Description of the task:
Search the records below for the word "against". Pull out each line that has it.

Collected data:
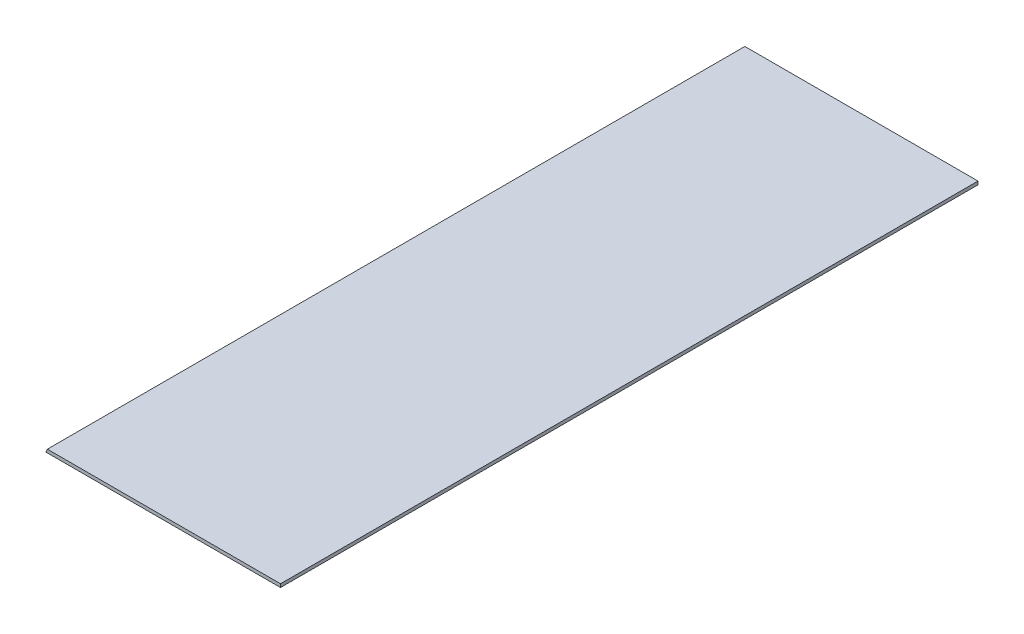
SolidWorks part; units mm, degrees
ref_plane "Front Plane" through (0, 0, 0) normal (0, 0, 1) x (1, 0, 0)
ref_plane "Top Plane" through (0, 0, 0) normal (0, 1, 0) x (1, 0, 0)
ref_plane "Right Plane" through (0, 0, 0) normal (1, 0, 0) x (0, 0, -1)
sketch "Sketch1" plane through (0, 0, 0) normal (0, 0, 1) x (1, 0, 0)
  line L0 (0, 0) -> (0.9785, 2.3622)
  line L1 (0.9785, 2.3622) -> (168.656, 2.3622)
  line L2 (168.656, 2.3622) -> (168.656, 0)
  line L3 (168.656, 0) -> (0, 0)
  dimension "D1" = 67.5
  dimension "D2" = 2.3622
  dimension "D3" = 168.656
extrude "Boss-Extrude1" add sketch "Sketch1" along normal blind 501.65
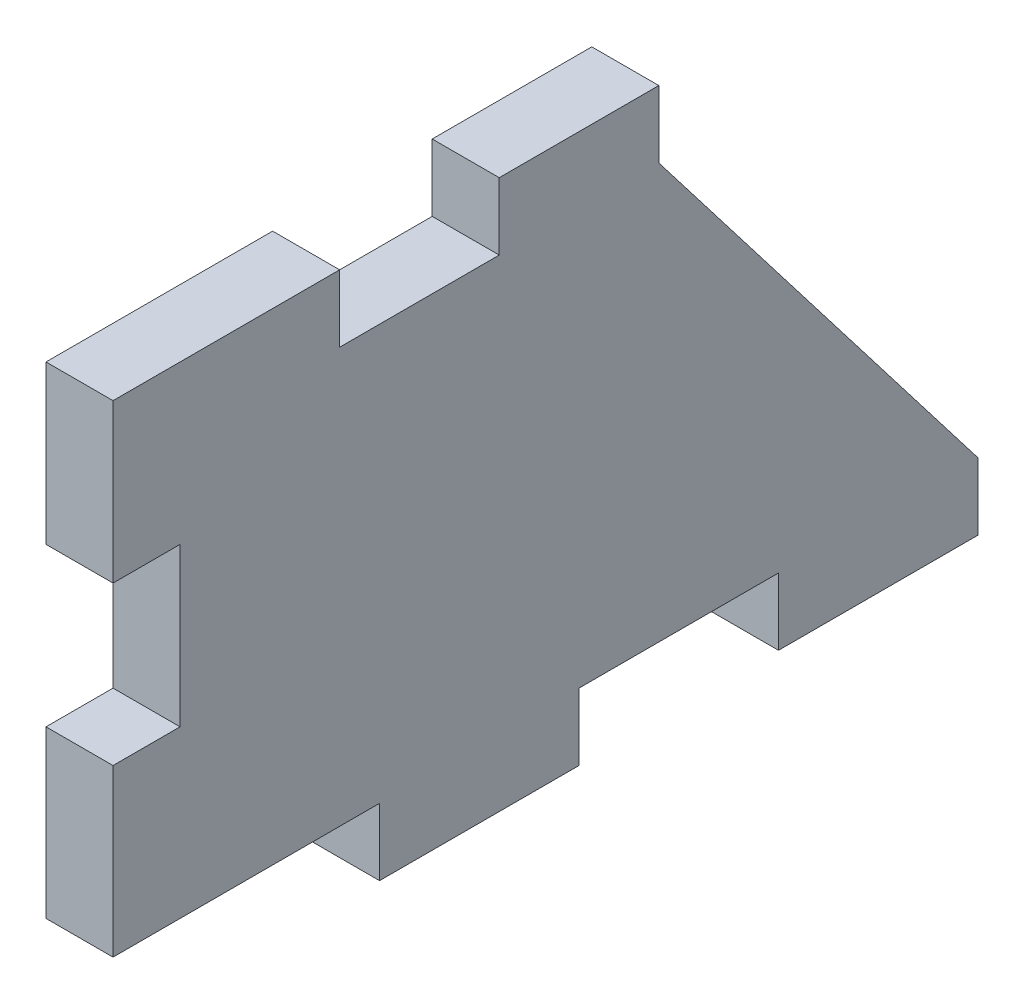
SolidWorks part; units mm, degrees
ref_plane "Front Plane" through (0, 0, 0) normal (0, 0, 1) x (1, 0, 0)
ref_plane "Top Plane" through (0, 0, 0) normal (0, 1, 0) x (1, 0, 0)
ref_plane "Right Plane" through (0, 0, 0) normal (1, 0, 0) x (0, 0, -1)
sketch "Sketch1" plane through (0, 0, 0) normal (1, 0, 0) x (0, 0, -1)
  line L1 (-31.75, -16.51) -> (31.75, -16.51)
  line L2 (-31.75, -16.51) -> (-31.75, 16.51)
  line L3 (-31.75, 16.51) -> (31.75, 16.51)
  line L4 (31.75, -16.51) -> (31.75, 16.51)
  line L5 (-31.75, -16.51) -> (31.75, 16.51) construction
  line L6 (-31.75, 16.51) -> (31.75, -16.51) construction
  point P0 (0, 0)
  dimension "D1" = 33.02
  dimension "D2" = 63.5
extrude "Boss-Extrude1" add sketch "Sketch1" along normal blind 5.334
sketch "Sketch2" plane through (0, 0, 0) normal (-1, 0, 0) x (0, 0, 1)
  line L1 (-31.75, -16.51) -> (-31.75, 16.51)
  line L5 (-31.75, 16.51) -> (31.75, 16.51) construction
  line L18 (-31.75, -16.51) -> (-6.35, 16.51)
  line L19 (-6.35, 16.51) -> (-31.75, 16.51)
extrude "Cut-Extrude1" cut sketch "Sketch2" against normal through all
sketch "Sketch3" plane through (0, 0, 0) normal (-1, 0, 0) x (0, 0, 1)
  line L1 (31.75, 16.51) -> (19.05, 16.51)
  line L2 (31.75, 16.51) -> (31.75, 21.844)
  line L3 (31.75, 21.844) -> (19.05, 21.844)
  line L4 (19.05, 16.51) -> (19.05, 21.844)
  line L5 (-6.35, 16.51) -> (6.35, 16.51)
  line L6 (-6.35, 16.51) -> (-6.35, 21.844)
  line L7 (-6.35, 21.844) -> (6.35, 21.844)
  line L8 (6.35, 16.51) -> (6.35, 21.844)
  line L9 (31.75, -16.51) -> (31.75, -21.844) construction
  line L10 (31.75, -21.844) -> (15.875, -21.844) construction
  line L11 (31.75, -16.51) -> (-31.75, -16.51) construction
  line L12 (15.875, -16.51) -> (0, -16.51)
  line L13 (15.875, -16.51) -> (15.875, -21.844)
  line L14 (15.875, -21.844) -> (0, -21.844)
  line L15 (0, -16.51) -> (0, -21.844)
  line L16 (0, -21.844) -> (-15.875, -21.844) construction
  line L17 (6.35, 21.844) -> (19.05, 21.844) construction
  line L18 (-31.75, -16.51) -> (-15.875, -16.51)
  line L19 (-31.75, -16.51) -> (-31.75, -21.844)
  line L20 (-31.75, -21.844) -> (-15.875, -21.844)
  line L21 (-15.875, -16.51) -> (-15.875, -21.844)
  dimension "D2" = 5.334
  dimension "material" = 5.334
extrude "Boss-Extrude2" add sketch "Sketch3" against normal through all
sketch "Sketch4" plane through (0, 0, 0) normal (-1, 0, 0) x (0, 0, 1)
  line L2 (31.75, 21.844) -> (31.75, -16.51) construction
  line L3 (31.75, -15.875) -> (37.084, -15.875)
  line L4 (31.75, -15.875) -> (31.75, 21.209)
  line L5 (31.75, 21.209) -> (37.084, 21.209)
  line L6 (37.084, -15.875) -> (37.084, 21.209)
  dimension "D1" = 5.334
extrude "Boss-Extrude7" add sketch "Sketch4" against normal blind 5.334
sketch "Sketch5" plane through (5.334, 0, 0) normal (1, 0, 0) x (0, 0, -1)
  line L1 (-37.084, -15.875) -> (-37.084, 21.209) construction
  line L2 (-37.084, -3.302) -> (-31.75, -3.302)
  line L3 (-37.084, -3.302) -> (-37.084, 9.271)
  line L4 (-37.084, 9.271) -> (-31.75, 9.271)
  line L5 (-31.75, -3.302) -> (-31.75, 9.271)
  line L6 (-31.75, 9.271) -> (-31.75, 21.844) construction
  line L7 (-31.75, 21.844) -> (-19.05, 21.844) construction
  line L8 (-31.75, -3.302) -> (-31.75, -15.875) construction
extrude "Cut-Extrude2" cut sketch "Sketch5" against normal through all
sketch "Sketch6" plane through (5.334, 0, 0) normal (1, 0, 0) x (0, 0, -1)
  line L1 (-37.084, 21.209) -> (-31.75, 21.209)
  line L2 (-37.084, 21.209) -> (-37.084, 21.844)
  line L3 (-37.084, 21.844) -> (-31.75, 21.844)
  line L4 (-31.75, 21.209) -> (-31.75, 21.844)
extrude "Boss-Extrude9" add sketch "Sketch6" against normal blind 5.334
sketch "Sketch7" plane through (5.334, 0, 0) normal (1, 0, 0) x (0, 0, -1)
  line L0 (-31.75, -15.875) -> (-31.75, -16.51) construction
  line L1 (-31.75, -16.51) -> (-37.084, -16.51)
  line L2 (-31.75, -16.51) -> (-31.75, -15.875)
  line L3 (-31.75, -15.875) -> (-37.084, -15.875)
  line L4 (-37.084, -16.51) -> (-37.084, -15.875)
extrude "Boss-Extrude10" add sketch "Sketch7" against normal blind 5.334
equation "\"D1@Boss-Extrude1\" = \"material\""
equation "\"D1@Boss-Extrude7\"=\"material\""
equation "\"material\"=\"GMaterial@Platform.assembly\""
equation "\"D1@Boss-Extrude9\" = \"material\""
equation "\"D1@Boss-Extrude10\" = \"material\""

Answer space:
extrude "Cut-Extrude1" cut sketch "Sketch2" against normal through all
extrude "Boss-Extrude2" add sketch "Sketch3" against normal through all
extrude "Boss-Extrude7" add sketch "Sketch4" against normal blind 5.334
extrude "Cut-Extrude2" cut sketch "Sketch5" against normal through all
extrude "Boss-Extrude9" add sketch "Sketch6" against normal blind 5.334
extrude "Boss-Extrude10" add sketch "Sketch7" against normal blind 5.334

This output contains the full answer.